┌──

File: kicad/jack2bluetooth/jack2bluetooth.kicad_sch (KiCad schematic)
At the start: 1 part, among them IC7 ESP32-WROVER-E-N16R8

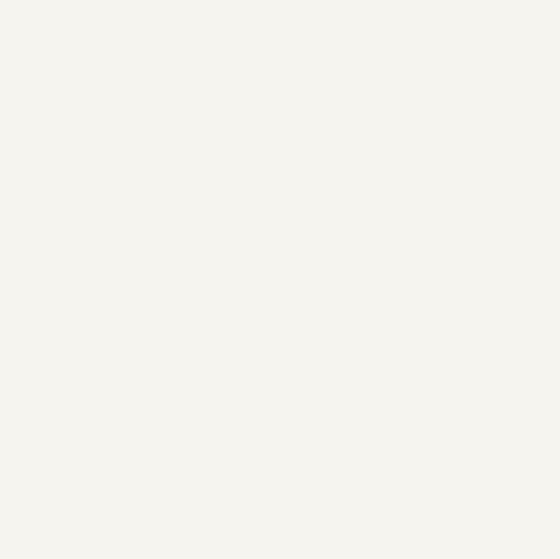
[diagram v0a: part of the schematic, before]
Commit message: doc: update datasheets
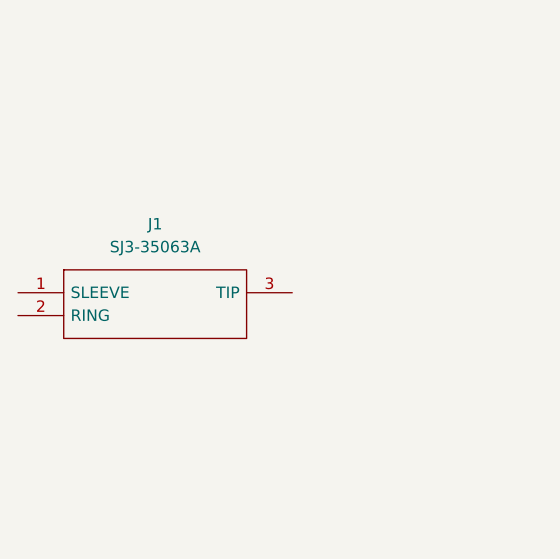
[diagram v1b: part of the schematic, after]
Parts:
- added J1: SJ3-35063A, SJ335063A, symbol SJ3-35063A:SJ3-35063A
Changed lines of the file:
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@@
+		)
+	)
+	(symbol
+		(lib_id "SJ3-35063A:SJ3-35063A")
+		(at 78.74 127 0)
+		(unit 1)
+		(exclude_from_sim no)
+		(in_bom yes)
+		(on_board yes)
+		(dnp no)
+		(fields_autoplaced yes)
+		(property "Reference" "J1"
+			(at 93.98 119.38 0)
+			(effects
+				(font
+					(size 1.27 1.27)
+				)
+			)
+		)
+		(property "Value" "SJ3-35063A"
+			(at 93.98 121.92 0)
+			(effects
+				(font
+					(size 1.27 1.27)
+				)
+			)
+		)
+		(property "Footprint" "SJ335063A"
+			(at 105.41 124.46 0)
+			(effects
+				(font
+					(size 1.27 1.27)
+				)
+				(justify left)
+				(hide yes)
+			)
+		)
+		(property "Datasheet" "https://www.sameskydevices.com/product/resource/supplyframepdf/sj3-3506x.pdf"
+			(at 105.41 127 0)
+			(effects
+				(font
+					(size 1.27 1.27)
+				)
+				(justify left)
+				(hide yes)
+			)
+		)
+		(property "Description" "3.5 mm Stereo Jack, Through Hole, 3 Conductors, 0 Internal Switches"
+			(at 78.74 127 0)
+			(effects
+				(font
+					(size 1.27 1.27)
+				)
+				(hide yes)
+			)
+		)
+		(property "Description_1" "3.5 mm Stereo Jack, Through Hole, 3 Conductors, 0 Internal Switches"
+			(at 105.41 129.54 0)
+			(effects
+				(font
+					(size 1.27 1.27)
+				)
+				(justify left)
+				(hide yes)
+			)
+		)
+		(property "Height" "6.15"
+			(at 105.41 132.08 0)
+			(effects
+				(font
+					(size 1.27 1.27)
+				)
+				(justify left)
+				(hide yes)
+			)
+		)
+		(property "Mouser Part Number" "179-SJ3-35063A"
+			(at 105.41 134.62 0)
+			(effects
+				(font
+					(size 1.27 1.27)
+				)
+				(justify left)
+				(hide yes)
+			)
+		)
+		(property "Mouser Price/Stock" "https://www.mouser.co.uk/ProductDetail/Same-Sky/SJ3-35063A?qs=IKkN%2F947nfD%2FdlMFCUr7kw%3D%3D"
+			(at 105.41 137.16 0)
+			(effects
+				(font
+					(size 1.27 1.27)
+				)
+				(justify left)
+				(hide yes)
+			)
+		)
+		(property "Manufacturer_Name" "Same Sky"
+			(at 105.41 139.7 0)
+			(effects
+				(font
+					(size 1.27 1.27)
+				)
+				(justify left)
+				(hide yes)
+			)
+		)
+		(property "Manufacturer_Part_Number" "SJ3-35063A"
+			(at 105.41 142.24 0)
+			(effects
+				(font
+					(size 1.27 1.27)
+				)
+				(justify left)
+				(hide yes)
+			)
+		)
+		(pin "1"
+		)
+		(pin "2"
+		)
+		(pin "3"
+		)
+		(instances
+			(project ""
+				(path "/4b32d186-730c-41ef-8802-f29516455534"
+					(reference "J1")
+					(unit 1)
+				)
+			)
 		)
 	)

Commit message: feat: update kicad schematic with rev3.1 updates
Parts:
- added C1, C11, C12, C14, C15, C2, C25, C27, C29, C3, C35, C38, C6, C7: 0.1uF, Capacitor_SMD:C_0805_2012Metric_Pad1.18x1.45mm_HandSolder, symbol Device:C
- added C10, C18, C20, C21, C22, C26, C28, C31, C36, C37: 10uF, Capacitor_SMD:C_0805_2012Metric_Pad1.18x1.45mm_HandSolder, symbol Device:C
- added C13, C17, C19, C30, C4, C5, C8, C9: 1uF, Capacitor_SMD:C_0805_2012Metric_Pad1.18x1.45mm_HandSolder, symbol Device:C
- added C16, C32, C33: 4.7uF, Capacitor_SMD:C_0805_2012Metric_Pad1.18x1.45mm_HandSolder, symbol Device:C
- added C23: 47nF, Capacitor_SMD:C_0805_2012Metric_Pad1.18x1.45mm_HandSolder, symbol Device:C
- added C24: 22uF, Capacitor_SMD:C_0805_2012Metric_Pad1.18x1.45mm_HandSolder, symbol Device:C
- added C34: 1u, Capacitor_SMD:C_0805_2012Metric_Pad1.18x1.45mm_HandSolder, symbol Device:C
- added D1, D2, D4, D7, D8: LED - green, LED_SMD:LED_0805_2012Metric_Pad1.15x1.40mm_HandSolder, symbol Device:LED
- added D5: PRTR5V0U2X, Package_TO_SOT_SMD:SOT-143, symbol Power_Protection:PRTR5V0U2X
- added IC1: TLV320AIC3101IRHBR, QFN50P500X500X100-33N-D, symbol TLV320AIC3101IRHBR:TLV320AIC3101IRHBR
- added IC2: BQ25619RTWR, QFN50P400X400X80-25N-D, symbol BQ25619RTWR:BQ25619RTWR
- added IC3: MCP23008T-E_SO, SOIC127P1030X265-18N, symbol MCP23008T-E_SO:MCP23008T-E_SO
- added IC4, IC5: TPS62A01PDDCR, SOT95P280X110-6N, symbol TPS62A01PDDCR:TPS62A01PDDCR
- added J10, J3, J5, J8: Conn_01x03_Pin, Connector_PinHeader_2.54mm:PinHeader_1x03_P2.54mm_Vertical, symbol Connector:Conn_01x03_Pin
- added J2: USB_C_Receptacle, Connector_USB:USB_C_Receptacle_GCT_USB4105-xx-A_16P_TopMnt_Horizontal, symbol Connector:USB_C_Receptacle
- added J4: SJ1-2503A, SJ12503A, symbol SJ1-2503A:SJ1-2503A
- added J6: Conn_01x04_Pin, Connector_PinHeader_2.54mm:PinHeader_1x04_P2.54mm_Vertical, symbol Connector:Conn_01x04_Pin
- added J7: Conn_01x02_Pin, Connector_PinHeader_2.54mm:PinHeader_1x02_P2.54mm_Vertical, symbol Connector:Conn_01x02_Pin
- added J9: Conn_01x08_Pin, Connector_PinHeader_2.54mm:PinHeader_1x08_P2.54mm_Vertical, symbol Connector:Conn_01x08_Pin
- added JP1: Jumper_3_Open, Connector_PinHeader_2.54mm:PinHeader_1x03_P2.54mm_Vertical, symbol Jumper:Jumper_3_Open
- added L1: 1uH, Inductor_SMD:L_0805_2012Metric_Pad1.05x1.20mm_HandSolder, symbol Device:L
- added L2, L3: 1uH, Inductor_SMD:L_0805_2012Metric, symbol Device:L
- added PS1: TLV75801PDBVR, SOT95P280X145-5N, symbol TLV75801PDBVR:TLV75801PDBVR
- added Q1: DMP3099L-13, SOT96P240X115-3N, symbol DMP3099L-13:DMP3099L-13
- added R1, R2, R22, R3, R37, R40: 100k, Resistor_SMD:R_0805_2012Metric_Pad1.20x1.40mm_HandSolder, symbol Device:R
- added R10, R11, R13, R14, R15, R19, R20, R21, R24, R29, R32, R34: 10k, Resistor_SMD:R_0805_2012Metric_Pad1.20x1.40mm_HandSolder, symbol Device:R
- added R23: 0, Resistor_SMD:R_0805_2012Metric_Pad1.20x1.40mm_HandSolder, symbol Device:R
- added R25: 750k, Resistor_SMD:R_0805_2012Metric_Pad1.20x1.40mm_HandSolder, symbol Device:R
- added R26, R38: 150k, Resistor_SMD:R_0805_2012Metric_Pad1.20x1.40mm_HandSolder, symbol Device:R
- added R33, R35: 499k, Resistor_SMD:R_0805_2012Metric_Pad1.20x1.40mm_HandSolder, symbol Device:R
- added R36: 200k, Resistor_SMD:R_0805_2012Metric_Pad1.20x1.40mm_HandSolder, symbol Device:R
- added R39: 300k, Resistor_SMD:R_0805_2012Metric_Pad1.20x1.40mm_HandSolder, symbol Device:R
- added R4, R7, R8, R9: 1k, Resistor_SMD:R_0805_2012Metric_Pad1.20x1.40mm_HandSolder, symbol Device:R
- added R5, R6: 5.1k, Resistor_SMD:R_0805_2012Metric_Pad1.20x1.40mm_HandSolder, symbol Device:R
- added SW1, SW2, SW3, SW4, SW6: SW_Push, Button_Switch_THT:SW_PUSH_6mm, symbol Switch:SW_Push
- added SW5: SW_SPDT, SLW-10558:SLW-105558-2A-N-D, symbol Switch:SW_SPDT
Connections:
- net GND: now reaches IC7.1 (GND_1)
- net GND: now also IC7.15 (GND_2), IC7.38 (GND_3), IC7.39 (GND_4), IC7.40 (GND_5), IC7.41 (GND_6), IC7.42 (GND_7), IC7.43 (GND_8), IC7.44 (GND_9), IC7.45 (GND_10), IC7.46 (GND_11), IC7.47 (GND_12), C10.2, C11.2, C16.1, C17.2, C22.1, C24.2, C25.2, C26.1, C27.2, C28.2, C29.2, C30.2, C32.2, C33.2, C34.1, C35.2, C36.2, C37.2, C4.2, C5.2, C6.2, C7.2, D1.1 (K), D2.1 (K), D5.1 (GND), IC1.6 (DVSS), IC2.17 (PGND_1), IC2.18 (PGND_2), IC2.25 (EP), IC3.3 (A2), IC3.4 (A1), IC3.5 (A0), IC3.9 (VSS), IC4.2 (GND), IC5.2 (GND), J10.3 (Pin_3), J2.A1 (GND), J2.A12 (GND), J2.B1 (GND), J2.B12 (GND), J2.S1 (SHIELD), J3.3 (Pin_3), J5.2 (Pin_2), J7.1 (Pin_1), J8.3 (Pin_3), J9.2 (Pin_2), J9.7 (Pin_7), JP1.3 (B), R1.1, R14.2, R2.1, R23.2, R3.1, R37.2, R40.2, R5.2, R6.1, R7.2, R8.2, SW4.1, SW5.3 (C), SW6.1
- net IO25: now reaches IC7.10 (IO25)
- net IO26: now reaches IC7.11 (IO26)
- net IO27: now reaches IC7.12 (IO27)
- net IO27: now also IC2.9 (/CE), R29.1
- net IO14: now reaches IC7.13 (IO14)
- net IO14: now also J6.1 (Pin_1)
- net IO12: now reaches IC7.14 (IO12)
- net IO12: now also J6.2 (Pin_2)
- net IO13: now reaches IC7.16 (IO13)
- net IO13: now also J6.3 (Pin_3)
- net +3.3V: now reaches IC7.2 (3V3)
- net +3.3V: now also C1.1, C2.1, C24.1, C27.1, C3.1, C37.1, C38.1, C5.1, C6.1, IC1.7 (IOVDD), L3.1, Q1.2, R19.2, R20.2, R21.2, R22.2, R24.1, R29.2, R32.2, R34.2, R38.1, SW1.2, SW2.2, SW3.2
- net IO15: now reaches IC7.23 (IO15)
- net IO15: now also J6.4 (Pin_4), J9.4 (Pin_4)
- net IO2: now reaches IC7.24 (IO2)
- net IO2: now also IC1.2 (BCLK)
- net IO0: now reaches IC7.25 (IO0)
- net IO0: now also C35.1, R21.1, SW4.2
- net IO4: now reaches IC7.26 (IO4)
- net IO4: now also IC1.3 (WCLK)
- net IO5: now reaches IC7.29 (IO5)
- net IO5: now also IC1.4 (DIN)
- net mcu_enable: now reaches IC7.3 (EN)
- net mcu_enable: now also C29.1, C30.1, R24.2, SW6.2
- net IO18: now reaches IC7.30 (IO18)
- net IO18: now also IC1.5 (DOUT)
- net IO19: now reaches IC7.31 (IO19)
- net IO19: now also IC1.9 (SDA), IC2.6 (SDA), IC3.2 (SDA), R20.1
- net IO21: now reaches IC7.33 (IO21)
- net IO21: now also IC1.8 (SCL), IC2.5 (SCL), IC3.1 (SCL), R19.1
- net RXD0: now reaches IC7.34 (RXD0)
- net RXD0: now also J3.2 (Pin_2)
- net TXD0: now reaches IC7.35 (TXD0)
- net TXD0: now also IC1.1 (MCLK), J3.1 (Pin_1)
- net IO22: now reaches IC7.36 (IO22)
- net IO23: now reaches IC7.37 (IO23)
- net IO34: now reaches IC7.6 (IO34)
- net IO34: now also J8.2 (Pin_2)
- net IO35: now reaches IC7.7 (IO35)
- net IO32: now reaches IC7.8 (IO32)
- net IO32: now also IC3.6 (~{RESET})
- net IO33: now reaches IC7.9 (IO33)
- net IO33: now also J8.1 (Pin_1)
- net GNDA: now reaches J1.1 (SLEEVE)
- net GNDA: now also C12.2, C13.2, C14.2, C15.2, C18.2, C19.2, C31.2, C34.2, IC1.17 (AVSS1), IC1.21 (DRVSS), IC1.26 (AVSS2), IC1.33 (EP), J4.1 (SLEEVE), PS1.2 (GND), R23.1, R26.2
- net jack35_right: now reaches J1.2 (RING)
- net jack35_right: now also C20.2
- net jack35_left: now reaches J1.3 (TIP)
- net jack35_left: now also C21.2
- new net: D8.2 (A), R11.2
- new net: D2.2 (A), R9.2
- new net: C22.2, IC2.23 (PMID)
- new net: IC2.3 (PMID_GOOD), R15.2
- new net: D7.1 (K), R8.1
- new net: JP1.1 (A), R10.2
- new net: D4.1 (K), R7.1
- new net: PS1.4 (FB), R25.2, R26.1
- new net: J2.A5 (CC1), R6.2
- new net: R22.1, SW5.1 (A)
- new net: D1.2 (A), R4.2
- new net: C38.2, IC3.18 (VDD)
- new net: IC4.6 (FB), R36.2, R37.1
- new net: IC5.5 (PG), R35.1
- new net: IC5.6 (FB), R39.2, R40.1
- new net: IC4.5 (PG), R33.1
- new net: J2.A6 (D+), J2.B6 (D+)
- new net: J2.A7 (D-), J2.B7 (D-)
- new net: J2.B5 (CC2), R5.1
- new net: R38.2, R39.1
- new net +1V8: C36.1, C4.1, C7.1, IC1.32 (DVDD), L2.1, R36.1
- new net +3.3VA: C12.1, C13.1, C14.1, C15.1, C18.1, C19.1, C31.1, IC1.18 (DRVDD_1), IC1.24 (DRVDD_2), IC1.25 (AVDD), PS1.5 (OUT), R25.1
- new net 1V8_SW: IC4.3 (SW), L2.2
- new net 3V3_SW: IC5.3 (SW), L3.2
- new net BAT+: C10.1, IC2.10 (BATSNS), IC2.13 (BAT_1), IC2.14 (BAT_2), J5.3 (Pin_3)
- new net BATTS: IC2.11 (TS), J5.1 (Pin_1), R13.2, R14.1
- new net BTST: C23.1, IC2.21 (BTST)
- new net HPLOUT: C21.1, IC1.19 (HPLOUT)
- new net HPROUT: C20.1, IC1.23 (HPROUT)
- new net IO16: J9.5 (Pin_5)
- new net IO17: J9.3 (Pin_3)
- new net IO3: J9.6 (Pin_6)
- new net IO36: IC3.8 (INT)
- new net IO39: IC2.7 (/INT), R32.1
- new net IO_EXP_0: C2.2, IC3.10 (GP0), R2.2, SW2.1
- new net IO_EXP_1: C1.2, IC3.11 (GP1), R1.2, SW1.1
- new net IO_EXP_2: C3.2, IC3.12 (GP2), R3.2, SW3.1
- new net IO_EXP_3: C25.1, IC3.13 (GP3), SW5.2 (B)
- new net IO_EXP_4: D4.2 (A), IC3.14 (GP4)
- new net IO_EXP_5: D7.2 (A), IC3.15 (GP5)
- new net IO_EXP_6: IC3.16 (GP6), Q1.1, R34.1
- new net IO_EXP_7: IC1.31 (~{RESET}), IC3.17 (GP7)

└──

### Activity
The line containing "PS1.5 (OUT), R25.1" begins the span, and the last line of the records above ends it. Return that span exactly, and nothing outside it.

### Reply
- new net +3.3VA: C12.1, C13.1, C14.1, C15.1, C18.1, C19.1, C31.1, IC1.18 (DRVDD_1), IC1.24 (DRVDD_2), IC1.25 (AVDD), PS1.5 (OUT), R25.1
- new net 1V8_SW: IC4.3 (SW), L2.2
- new net 3V3_SW: IC5.3 (SW), L3.2
- new net BAT+: C10.1, IC2.10 (BATSNS), IC2.13 (BAT_1), IC2.14 (BAT_2), J5.3 (Pin_3)
- new net BATTS: IC2.11 (TS), J5.1 (Pin_1), R13.2, R14.1
- new net BTST: C23.1, IC2.21 (BTST)
- new net HPLOUT: C21.1, IC1.19 (HPLOUT)
- new net HPROUT: C20.1, IC1.23 (HPROUT)
- new net IO16: J9.5 (Pin_5)
- new net IO17: J9.3 (Pin_3)
- new net IO3: J9.6 (Pin_6)
- new net IO36: IC3.8 (INT)
- new net IO39: IC2.7 (/INT), R32.1
- new net IO_EXP_0: C2.2, IC3.10 (GP0), R2.2, SW2.1
- new net IO_EXP_1: C1.2, IC3.11 (GP1), R1.2, SW1.1
- new net IO_EXP_2: C3.2, IC3.12 (GP2), R3.2, SW3.1
- new net IO_EXP_3: C25.1, IC3.13 (GP3), SW5.2 (B)
- new net IO_EXP_4: D4.2 (A), IC3.14 (GP4)
- new net IO_EXP_5: D7.2 (A), IC3.15 (GP5)
- new net IO_EXP_6: IC3.16 (GP6), Q1.1, R34.1
- new net IO_EXP_7: IC1.31 (~{RESET}), IC3.17 (GP7)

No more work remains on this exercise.